(Source records)
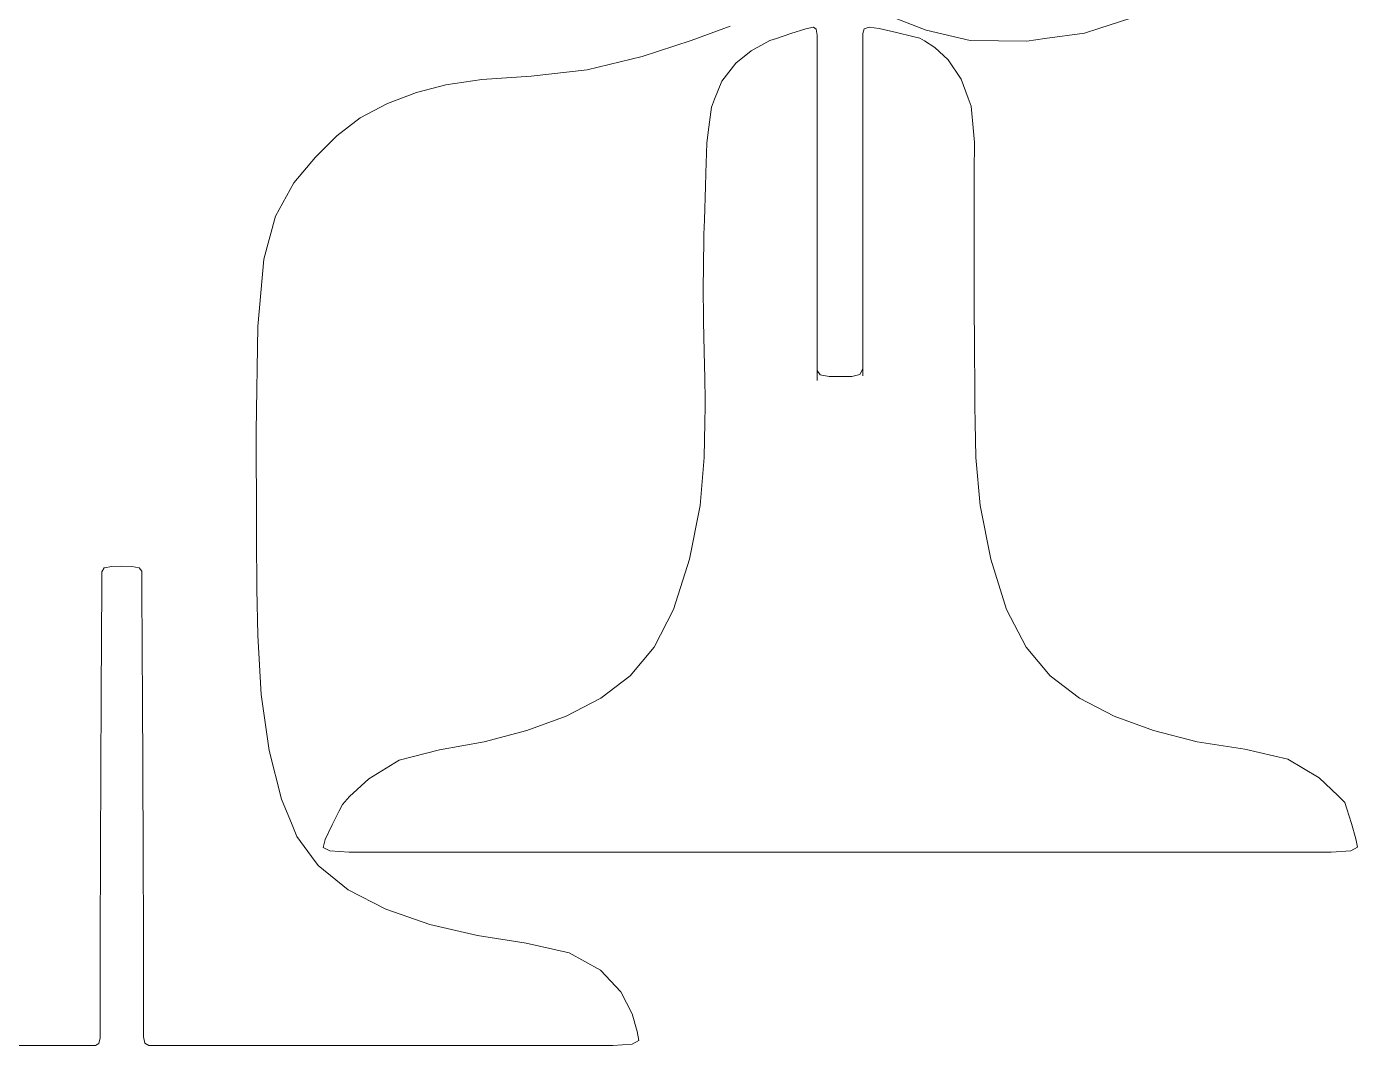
# Model space of a CAD drawing. Header units: millimetres. Extents: x -428 to -256, y 147 to 288.
# Drawn here: x -351.7 to -255.8, y 146.6 to 220 of the extents above; entities that cross this region are included whole.
import ezdxf

# ---------------------------------------------------------------- set-up
doc = ezdxf.new("R2010")
doc.units = ezdxf.units.MM
doc.header["$MEASUREMENT"] = 0

msp = doc.modelspace()

# ---------------------------------------------------------------- linework, layer by layer
at = {"lineweight": 9}
for points in [[(-286.9024, 219.6936), (-286.9024, 219.6936), (-289.4524, 220.6956), (-289.4524, 220.6956)], [(-272.1714, 220.5766), (-272.1714, 220.5766), (-274.4604, 219.8246), (-274.4604, 219.8246)], [(-301.0424, 219.9986), (-301.0424, 219.9986), (-303.8394, 218.9486), (-303.8394, 218.9486)], [(-296.6495, 219.4645), (-296.6495, 219.4645), (-295.5825, 219.8026), (-295.5825, 219.8026)], [(-295.5825, 219.8026), (-295.5825, 219.8026), (-295.0374, 219.9156), (-295.0374, 219.9156)], [(-295.5825, 219.8026), (-295.5825, 219.8026), (-295.5825, 219.8026), (-295.5825, 219.8026)], [(-295.0374, 219.9156), (-295.0374, 219.9156), (-295.0374, 219.9156), (-295.0374, 219.9156)], [(-295.0374, 219.9156), (-295.0374, 219.9156), (-294.8244, 219.7716), (-294.8244, 219.7716)], [(-294.8244, 219.7716), (-294.8244, 219.7716), (-294.7534, 219.3386), (-294.7534, 219.3386)], [(-291.4844, 219.4596), (-291.4844, 219.4596), (-291.3674, 219.8016), (-291.3674, 219.8016)], [(-291.3674, 219.8016), (-291.3674, 219.8016), (-291.0155, 219.9156), (-291.0155, 219.9156)], [(-291.3674, 219.8016), (-291.3674, 219.8016), (-291.3674, 219.8016), (-291.3674, 219.8016)], [(-291.0155, 219.9156), (-291.0155, 219.9156), (-291.0155, 219.9156), (-291.0155, 219.9156)], [(-291.0155, 219.9156), (-291.0155, 219.9156), (-290.2874, 219.8226), (-290.2874, 219.8226)], [(-290.2874, 219.8226), (-290.2874, 219.8226), (-289.0394, 219.5436), (-289.0394, 219.5436)], [(-283.7494, 218.9636), (-283.7494, 218.9636), (-286.9024, 219.6936), (-286.9024, 219.6936)], [(-274.4604, 219.8246), (-274.4604, 219.8246), (-275.5124, 219.4796), (-275.5124, 219.4796)], [(-274.4604, 219.8246), (-274.4604, 219.8246), (-274.4604, 219.8246), (-274.4604, 219.8246)], [(-303.8394, 218.9486), (-303.8394, 218.9486), (-307.3834, 217.7946), (-307.3834, 217.7946)], [(-303.8394, 218.9486), (-303.8394, 218.9486), (-303.8394, 218.9486), (-303.8394, 218.9486)], [(-299.5254, 218.2066), (-299.5254, 218.2066), (-298.6094, 218.7276), (-298.6094, 218.7276)], [(-298.6094, 218.7276), (-298.6094, 218.7276), (-298.1734, 218.9466), (-298.1734, 218.9466)], [(-298.6094, 218.7276), (-298.6094, 218.7276), (-298.6094, 218.7276), (-298.6094, 218.7276)], [(-298.1734, 218.9466), (-298.1734, 218.9466), (-297.6944, 219.1096), (-297.6944, 219.1096)], [(-298.1734, 218.9466), (-298.1734, 218.9466), (-298.1734, 218.9466), (-298.1734, 218.9466)], [(-297.6944, 219.1096), (-297.6944, 219.1096), (-296.6495, 219.4645), (-296.6495, 219.4645)], [(-297.6944, 219.1096), (-297.6944, 219.1096), (-297.6944, 219.1096), (-297.6944, 219.1096)], [(-296.6495, 219.4645), (-296.6495, 219.4645), (-296.6495, 219.4645), (-296.6495, 219.4645)], [(-294.7534, 219.3386), (-294.7534, 219.3386), (-294.7534, 219.3386), (-294.7534, 219.3386)], [(-294.7534, 219.3386), (-294.7534, 219.3386), (-294.7534, 213.6566), (-294.7534, 213.6566)], [(-291.4844, 216.8656), (-291.4844, 216.8656), (-291.4844, 219.4596), (-291.4844, 219.4596)], [(-289.0394, 219.5436), (-289.0394, 219.5436), (-287.8704, 219.2546), (-287.8704, 219.2546)], [(-287.8704, 219.2546), (-287.8704, 219.2546), (-287.3784, 219.1336), (-287.3784, 219.1336)], [(-287.3784, 219.1336), (-287.3784, 219.1336), (-287.0274, 218.9436), (-287.0274, 218.9436)], [(-287.0274, 218.9436), (-287.0274, 218.9436), (-286.2794, 218.4515), (-286.2794, 218.4515)], [(-279.6624, 218.9166), (-279.6624, 218.9166), (-283.7494, 218.9636), (-283.7494, 218.9636)], [(-278.3564, 219.0946), (-278.3564, 219.0946), (-279.6624, 218.9166), (-279.6624, 218.9166)], [(-275.5124, 219.4796), (-275.5124, 219.4796), (-278.3564, 219.0946), (-278.3564, 219.0946)], [(-278.3564, 219.0946), (-278.3564, 219.0946), (-278.3564, 219.0946), (-278.3564, 219.0946)], [(-275.5124, 219.4796), (-275.5124, 219.4796), (-275.5124, 219.4796), (-275.5124, 219.4796)], [(-307.3834, 217.7946), (-307.3834, 217.7946), (-311.3354, 216.8436), (-311.3354, 216.8436)], [(-307.3834, 217.7946), (-307.3834, 217.7946), (-307.3834, 217.7946), (-307.3834, 217.7946)], [(-300.6314, 217.3246), (-300.6314, 217.3246), (-299.5254, 218.2066), (-299.5254, 218.2066)], [(-299.5254, 218.2066), (-299.5254, 218.2066), (-299.5254, 218.2066), (-299.5254, 218.2066)], [(-286.2794, 218.4515), (-286.2794, 218.4515), (-285.3324, 217.5596), (-285.3324, 217.5596)], [(-311.3354, 216.8436), (-311.3354, 216.8436), (-315.3564, 216.3996), (-315.3564, 216.3996)], [(-301.6405, 216.0236), (-301.6405, 216.0236), (-300.6314, 217.3246), (-300.6314, 217.3246)], [(-291.4834, 215.2556), (-291.4834, 215.2556), (-291.4844, 216.8656), (-291.4844, 216.8656)], [(-285.3324, 217.5596), (-285.3324, 217.5596), (-284.3814, 216.1716), (-284.3814, 216.1716)], [(-321.5164, 215.7726), (-321.5164, 215.7726), (-323.6204, 215.2166), (-323.6204, 215.2166)], [(-318.9234, 216.1476), (-318.9234, 216.1476), (-321.5164, 215.7726), (-321.5164, 215.7726)], [(-315.3564, 216.3996), (-315.3564, 216.3996), (-318.9234, 216.1476), (-318.9234, 216.1476)], [(-302.1574, 214.7256), (-302.1574, 214.7256), (-301.6405, 216.0236), (-301.6405, 216.0236)], [(-284.3814, 216.1716), (-284.3814, 216.1716), (-283.8874, 214.8156), (-283.8874, 214.8156)], [(-323.6204, 215.2166), (-323.6204, 215.2166), (-325.7254, 214.4176), (-325.7254, 214.4176)], [(-291.4834, 211.8436), (-291.4834, 211.8436), (-291.4834, 215.2556), (-291.4834, 215.2556)], [(-283.8874, 214.8156), (-283.8874, 214.8156), (-283.6694, 214.2166), (-283.6694, 214.2166)], [(-325.7254, 214.4176), (-325.7254, 214.4176), (-327.6884, 213.3796), (-327.6884, 213.3796)], [(-302.6064, 212.3547), (-302.6064, 212.3547), (-302.3864, 214.1507), (-302.3864, 214.1507)], [(-302.3864, 214.1507), (-302.3864, 214.1507), (-302.1574, 214.7256), (-302.1574, 214.7256)], [(-283.6694, 214.2166), (-283.6694, 214.2166), (-283.5084, 212.4156), (-283.5084, 212.4156)], [(-327.6884, 213.3796), (-327.6884, 213.3796), (-329.3684, 212.1026), (-329.3684, 212.1026)], [(-294.7534, 213.6566), (-294.7534, 213.6566), (-294.7524, 211.7906), (-294.7524, 211.7906)], [(-294.7524, 212.8906), (-294.7524, 212.8906), (-294.7524, 194.4806), (-294.7524, 194.4806)], [(-329.3684, 212.1026), (-329.3684, 212.1026), (-330.9124, 210.5536), (-330.9124, 210.5536)], [(-302.7034, 211.5556), (-302.7034, 211.5556), (-302.6064, 212.3547), (-302.6064, 212.3547)], [(-283.5084, 212.4156), (-283.5084, 212.4156), (-283.4374, 211.6196), (-283.4374, 211.6196)], [(-302.7764, 209.3956), (-302.7764, 209.3956), (-302.7034, 211.5556), (-302.7034, 211.5556)], [(-291.4844, 209.7256), (-291.4844, 209.7256), (-291.4834, 211.8436), (-291.4834, 211.8436)], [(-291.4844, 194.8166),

TASK REQUIREMENTS
Which lines in the records above contain the word "units"? Copy each one.

SOLUTION TO THE PROBLEM
# Model space of a CAD drawing. Header units: millimetres. Extents: x -428 to -256, y 147 to 288.
doc.units = ezdxf.units.MM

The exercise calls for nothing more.